Just last month, OpenAI1 released a paper about their results with GPT-3, an AI human language model system which can be trained on many mountains of text, and then generate its own text based on given prompts.
It looks quite impressive! Impressive too are some of GPT-3’s creative writing results from freelance writer Gwern Branwen. Still has plenty of weaknesses, in humor and logic for example, so it won’t be replacing novelists yet, but I’m particularly impressed with GPT-3’s continuation of a scene from a Harry Potter fanfiction. I wouldn’t copy and paste the results, but it looks like it would be great for generating story ideas, both in a novel’s overall plotting stage, and at the actual scene-writing stage. I find the scene-writing stage to be the most tedious and mentally demanding (hence why I’ve procrastinated on doing it for a few years now); I would love to have a program that continually generated ideas for directions a scene could go, either by having it generate a possible continuation or answering prompts with ideas, such as “How might this character respond to this situation?”.
Other possibilities with GPT-3 (or future models) are equally exciting. I’d love to see GPT-3 or something like it applied to things like:
- Dialog for non-player characters in video games
- Cohosting a podcast with me
- Generating comments for this blog so it looks like I have more readers
- Being an imaginary friend because I’m sad and lonely
One weakness of GPT-3 (and most neural-network based AI for that matter) is that we may not be able to see directly how it generated its answers to prompts. That is, how do we know it’s not plagiarizing or stealing too many ideas from its training data? It may become a thorny issue for some uses.

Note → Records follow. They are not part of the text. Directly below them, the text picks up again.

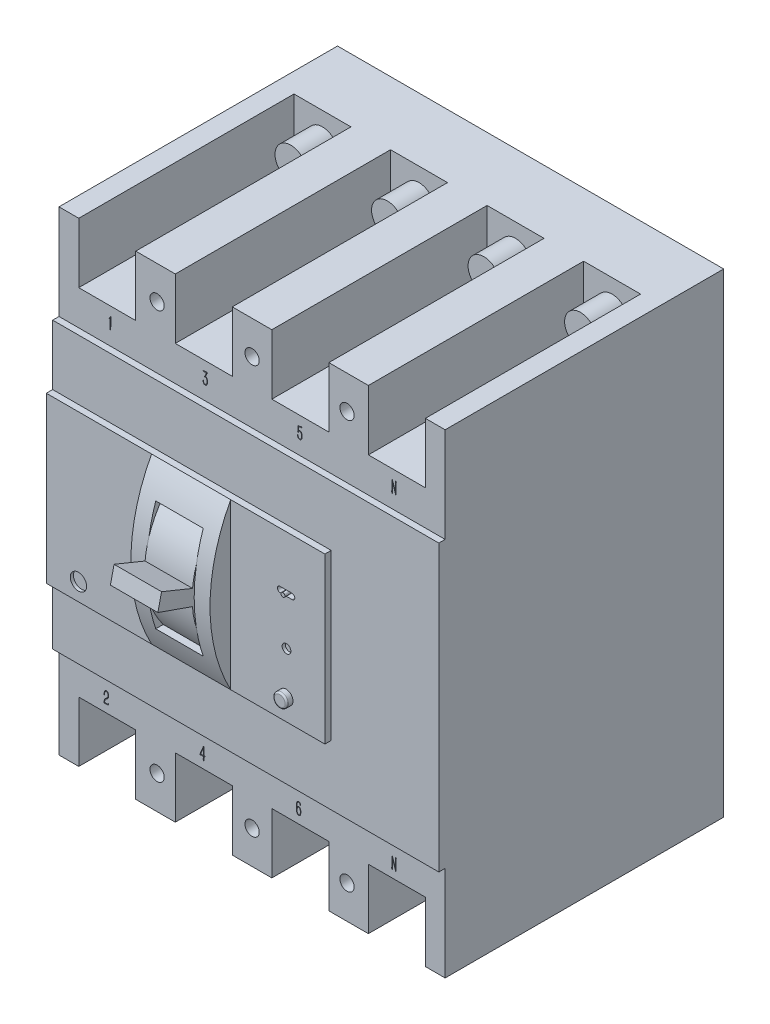
SolidWorks part; units mm, degrees
ref_plane "前视基准面" through (0, 0, 0) normal (0, 0, 1) x (1, 0, 0)
ref_plane "上视基准面" through (0, 0, 0) normal (0, 1, 0) x (1, 0, 0)
ref_plane "右视基准面" through (0, 0, 0) normal (1, 0, 0) x (0, 0, -1)
sketch "草图1" plane through (0, 0, 0) normal (0, 0, 1) x (1, 0, 0)
  line L1 (-61, -75) -> (61, -75)
  line L2 (-61, -75) -> (-61, 75)
  line L3 (-61, 75) -> (61, 75)
  line L4 (61, -75) -> (61, 75)
  line L5 (-61, -75) -> (61, 75) construction
  line L6 (-61, 75) -> (61, -75) construction
  point P0 (0, 0)
  dimension "D1" = 150
  dimension "D2" = 122
extrude "凸台-拉伸1" add sketch "草图1" along normal blind 90
sketch "草图3" plane through (0, 0, 90) normal (0, 0, 1) x (1, 0, 0)
  line L0 (61, -75) -> (61, 75) construction
  line L1 (-61, 75) -> (61, 75)
  line L2 (-61, 75) -> (-61, 45)
  line L3 (-61, 45) -> (61, 45)
  line L4 (61, 75) -> (61, 45)
  line L5 (-61, 75) -> (-61, -75) construction
  line L6 (61, -75) -> (-61, -75)
  line L7 (61, -75) -> (61, -45)
  line L8 (61, -45) -> (-61, -45)
  line L9 (-61, -75) -> (-61, -45)
  dimension "D1" = 30
  dimension "D2" = 30
extrude "切除-拉伸1" cut sketch "草图3" against normal blind 2
sketch "草图4" plane through (0, 0, 90) normal (0, 0, 1) x (1, 0, 0)
  line L1 (-61, 45) -> (-61, -45) construction
  line L2 (27, -26) -> (-61, -26)
  line L3 (27, -26) -> (27, 26)
  line L4 (27, 26) -> (-61, 26)
  line L5 (-61, -26) -> (-61, 26)
  line L6 (27, -26) -> (-61, 26) construction
  line L7 (27, 26) -> (-61, -26) construction
  point P0 (-17, 0)
  dimension "D1" = 52
  dimension "D2" = 88
extrude "凸台-拉伸2" add sketch "草图4" along normal blind 2
sketch "草图5" plane through (0, 0, 88) normal (0, 0, 1) x (1, 0, 0)
  line L0 (0, 45) -> (0, 75) construction
  line L3 (-61, 45) -> (61, 45) construction
  line L4 (61, 75) -> (-61, 75) construction
  line L5 (61, 45) -> (61, 75) construction
  line L6 (36.75, 56) -> (54.75, 56)
  line L7 (36.75, 56) -> (36.75, 75)
  line L8 (36.75, 75) -> (54.75, 75)
  line L9 (54.75, 56) -> (54.75, 75)
  line L10 (36.75, 56) -> (54.75, 75) construction
  line L11 (36.75, 75) -> (54.75, 56) construction
  line L12 (6.25, 56) -> (24.25, 56)
  line L13 (6.25, 56) -> (6.25, 75)
  line L14 (6.25, 75) -> (24.25, 75)
  line L15 (24.25, 56) -> (24.25, 75)
  line L16 (6.25, 56) -> (24.25, 75) construction
  line L17 (6.25, 75) -> (24.25, 56) construction
  line L18 (-6.25, 75) -> (-24.25, 56) construction
  line L19 (-6.25, 56) -> (-24.25, 75) construction
  line L20 (-36.75, 75) -> (-54.75, 56) construction
  line L21 (-36.75, 56) -> (-54.75, 75) construction
  line L22 (-24.25, 56) -> (-24.25, 75)
  line L23 (-6.25, 75) -> (-24.25, 75)
  line L24 (-6.25, 56) -> (-6.25, 75)
  line L25 (-6.25, 56) -> (-24.25, 56)
  line L26 (-54.75, 56) -> (-54.75, 75)
  line L27 (-36.75, 75) -> (-54.75, 75)
  line L28 (-36.75, 56) -> (-36.75, 75)
  line L29 (-36.75, 56) -> (-54.75, 56)
  point P6 (45.75, 65.5)
  point P11 (15.25, 65.5)
  point P26 (-15.25, 65.5)
  point P27 (-45.75, 65.5)
  dimension "D1" = 18
  dimension "D2" = 19
  dimension "D3" = 6.25
  dimension "D4" = 12.5
extrude "切除-拉伸2" cut sketch "草图5" against normal offset from surface (68 mm away) 20 up to face at (0, 0, 0)
sketch "草图27" plane through (0, 0, 20) normal (0, 0, 1) x (1, 0, 0)
  line L0 (36.75, 56) -> (54.75, 56) construction
  line L1 (6.25, 56) -> (24.25, 56) construction
  line L2 (-24.25, 56) -> (-6.25, 56) construction
  line L3 (-54.75, 56) -> (-36.75, 56) construction
  line L4 (-54.75, 75) -> (-54.75, 56) construction
  circle A0 centre (45.75, 65.5) radius 5
  circle A1 centre (15.25, 65.5) radius 5
  circle A2 centre (-15.25, 65.5) radius 5
  circle A3 centre (-45.75, 65.5) radius 5
  point P10 (45.75, 56)
  point P13 (15.25, 56)
  point P16 (-15.25, 56)
  point P19 (-45.75, 56)
  point P22 (-54.75, 65.5)
  dimension "D1" = 10
extrude "凸台-拉伸13" add sketch "草图27" along normal blind 10
mirror "镜向1" about plane through (0, 0, 0) normal (0, 1, 0) of "切除-拉伸2", "凸台-拉伸13"
ref_plane "基准面1" through (-15.25, 0, 0) normal (1, 0, 0) x (0, 0, -1)
sketch "草图22" plane through (-15.25, 0, 0) normal (1, 0, 0) x (0, 0, -1)
  line L0 (-92, -26) -> (-92, 26) construction
  line L1 (-92, 26) -> (-92, -26)
  arc A0 (-92, 26) -> (-92, -26) centre (-43.5335, 0) ccw
  dimension "D1" = 55
extrude "凸台-拉伸10" add sketch "草图22" along normal mid plane 25
sketch "草图24" plane through (0, 0, 92) normal (0, 0, 1) x (1, 0, 0)
  line L0 (-15.25, -54.1934) -> (-15.25, 54.1934) construction
  line L1 (-22.75, -17.5) -> (-7.75, -17.5)
  line L2 (-22.75, -17.5) -> (-22.75, 17.5)
  line L3 (-22.75, 17.5) -> (-7.75, 17.5)
  line L4 (-7.75, -17.5) -> (-7.75, 17.5)
  line L5 (-22.75, -17.5) -> (-7.75, 17.5) construction
  line L6 (-22.75, 17.5) -> (-7.75, -17.5) construction
  point P0 (-15.25, 0)
  dimension "D1" = 15
  dimension "D2" = 35
extrude "切除-拉伸4" cut sketch "草图24" against normal mid plane 15
sketch "草图25" plane through (-22.75, 0, 0) normal (1, 0, 0) x (0, 0, -1)
  circle A0 centre (-70.1762, 0) radius 29
  dimension "D1" = 58
extrude "凸台-拉伸11" add sketch "草图25" along normal up to surface (15 mm away) up to face at (-7.75, 0, 90.8022)
sketch "草图11" plane through (0, 0, 0) normal (0, 0, -1) x (-1, 0, 0)
  line L0 (-42.4591, 0) -> (39.5939, 0) construction
  circle A0 centre (30, 64.5) radius 2.25
  circle A1 centre (0, 64.5) radius 2.25
  circle A2 centre (-30, 64.5) radius 2.25
  circle A3 centre (-30, -64.5) radius 2.25
  circle A4 centre (0, -64.5) radius 2.25
  circle A5 centre (30, -64.5) radius 2.25
  dimension "D1" = 4.5
  dimension "D2" = 30
  dimension "D3" = 30
  dimension "D4" = 129
extrude "切除-拉伸5" cut sketch "草图11" against normal through all
sketch "草图12" plane through (0, 0, 88) normal (0, 0, 1) x (1, 0, 0)
  line L0 (-45.75, 49) -> (45.75, 49) construction
  line L1 (-47.0275, -54) -> (45.75, -54) construction
  line L2 (-61, 45) -> (61, 45) construction
  line L3 (-54.75, 56) -> (-36.75, 56) construction
  line L4 (36.75, 56) -> (54.75, 56) construction
  line L5 (61, -45) -> (-61, -45) construction
  text T0 "135N" font "汉仪长仿宋体" height in points 16
  text T1 "246N" font "汉仪长仿宋体" height in points 16
  point P9 (-45.75, 56)
  point P12 (45.75, 56)
  dimension "D1" = 4
  dimension "D2" = 9
extrude "切除-拉伸6" cut sketch "草图12" against normal blind 1
sketch "草图14" plane through (0, 0, 92) normal (0, 0, 1) x (1, 0, 0)
  circle A0 centre (-50.8512, -20.4916) radius 2.5792
extrude "切除-拉伸7" cut sketch "草图14" against normal blind 1
sketch "草图28" plane through (0, 0, 92) normal (0, 0, 1) x (1, 0, 0)
  circle A0 centre (14.7617, -19.2693) radius 2.1806
extrude "凸台-拉伸14" add sketch "草图28" along normal blind 2
fillet "圆角1" radius 0.5 1 edges at (16.9423, -19.2693, 94)
sketch "草图29" plane through (0, 0, 92) normal (0, 0, 1) x (1, 0, 0)
  circle A0 centre (14.882, -5.9652) radius 1.3791
extrude "切除-拉伸8" cut sketch "草图29" against normal blind 1
sketch "草图30" plane through (0, 0, 92) normal (0, 0, 1) x (1, 0, 0)
  line L0 (12.8665, 9.2192) -> (16.6514, 9.2192) construction
  line L1 (12.8665, 10.0761) -> (16.6514, 10.0761)
  line L2 (12.8665, 8.3622) -> (16.6514, 8.3622)
  arc A0 (12.8665, 10.0761) -> (12.8665, 8.3622) centre (12.8665, 9.2192) ccw
  arc A1 (16.6514, 8.3622) -> (16.6514, 10.0761) centre (16.6514, 9.2192) ccw
  point P2 (14.7589, 9.2192)
extrude "切除-拉伸9" cut sketch "草图30" against normal blind 2
sketch "草图31" plane through (0, 0, 90) normal (0, 0, 1) x (1, 0, 0)
  circle A0 centre (14.7782, 9.2016) radius 0.6209
extrude "凸台-拉伸15" add sketch "草图31" along normal blind 3
sketch "草图32" plane through (0, 0, 20) normal (0, 0, 1) x (1, 0, 0)
  point P0 (-45.75, 65.5)
  point P1 (-15.25, 65.5)
  point P3 (15.25, 65.5)
  point P5 (45.75, 65.5)
  point P7 (45.75, -65.5)
  point P9 (15.25, -65.5)
  point P11 (-15.25, -65.5)
  point P13 (-45.75, -65.5)
sketch "草图33" plane through (-22.75, 0, 0) normal (-1, 0, 0) x (0, 0, 1)
  line L0 (99.0464, 2.7408) -> (108.847, 6.7414)
  line L1 (108.847, 6.7414) -> (110, 1.6118)
  line L2 (110, 1.6118) -> (99.0912, -2.2188)
  line L3 (99.0912, -2.2188) -> (99.0464, -2.2346)
  line L4 (99.0464, -2.2346) -> (99.0464, 2.7408)
  line L5 (0, 75) -> (0, -75) construction
  arc A1 (97.8417, -8.696) -> (97.8417, 8.696) centre (70.1762, 0) ccw construction
  dimension "D1" = 110
extrude "凸台-拉伸16" add sketch "草图33" against normal blind 15
sketch "0_0_Point" plane through (0, 0, 20) normal (0, 0, 1) x (1, 0, 0)
  point P0 (-45.75, 65.5)
other "0_0" parameters "直径"=2, "端头长度"=2
ref_axis "基准轴1" through (-45.75, 65.5, 30) along (0, 0, -1)
sketch "0_1_Point" plane through (0, 0, 20) normal (0, 0, 1) x (1, 0, 0)
  point P0 (-45.75, -65.5)
other "0_1" parameters "直径"=2, "端头长度"=2
ref_axis "基准轴2" through (-45.75, -65.5, 30) along (0, 0, -1)
sketch "1_0_Point" plane through (0, 0, 20) normal (0, 0, 1) x (1, 0, 0)
  point P0 (-15.25, 65.5)
other "1_0" parameters "直径"=2, "端头长度"=2
ref_axis "基准轴3" through (-15.25, 65.5, 30) along (0, 0, -1)
sketch "1_1_Point" plane through (0, 0, 20) normal (0, 0, 1) x (1, 0, 0)
  point P0 (-15.25, -65.5)
other "1_1" parameters "直径"=2, "端头长度"=2
ref_axis "基准轴4" through (-15.25, -65.5, 30) along (0, 0, -1)
sketch "2_0_Point" plane through (0, 0, 20) normal (0, 0, 1) x (1, 0, 0)
  point P0 (15.25, 65.5)
other "2_0" parameters "直径"=2, "端头长度"=2
ref_axis "基准轴5" through (15.25, 65.5, 30) along (0, 0, -1)
sketch "2_1_Point" plane through (0, 0, 20) normal (0, 0, 1) x (1, 0, 0)
  point P0 (15.25, -65.5)
other "2_1" parameters "直径"=2, "端头长度"=2
ref_axis "基准轴6" through (15.25, -65.5, 30) along (0, 0, -1)
sketch "3_0_Point" plane through (0, 0, 20) normal (0, 0, 1) x (1, 0, 0)
  point P0 (45.75, 65.5)
other "3_0" parameters "直径"=2, "端头长度"=2
ref_axis "基准轴7" through (45.75, 65.5, 30) along (0, 0, -1)
sketch "3_1_Point" plane through (0, 0, 20) normal (0, 0, 1) x (1, 0, 0)
  point P0 (45.75, -65.5)
other "3_1" parameters "直径"=2, "端头长度"=2
ref_axis "基准轴8" through (45.75, -65.5, 30) along (0, 0, -1)

David Cope’s older algorithmic music generating system, for example, had similar problems. This is I believe 20-something years old, but here’s a computer-generated piece in the style of Mozart:
Sounds great, but if you’re familiar with Mozart, it’s actually not that impressive; there’s just too much Mozart that’s been too directly copied; it’s just not “creative” enough. A patron of Mozart would likely be dismayed, “this is just a rehash of this and that symphony; I want something in your style, but more fresh!”
I doubt GPT-3 always copies from its training data that overtly, but the possibility could still be a problem.
The other big problem, from my perspective at least, is cost. GPT-3 requires too much computer power that I can’t afford to pay for. OpenAI will probably target enterprise users for their first customers, not poor novelists.
There will probably be other options though. For example, there is the recently launched InferKit which I believe is based on GPT-2. Maybe I’ll experiment with that as the pricing seems fair enough, but my previous creative fiction results with GPT-2 weren’t great, especially when it would have characters from other copyrighted novels like Gandalf pop into scenes. I probably just have to hone in on some good methods for idea-prompting.
Anyway, the future of AI continues to fascinate and excite me!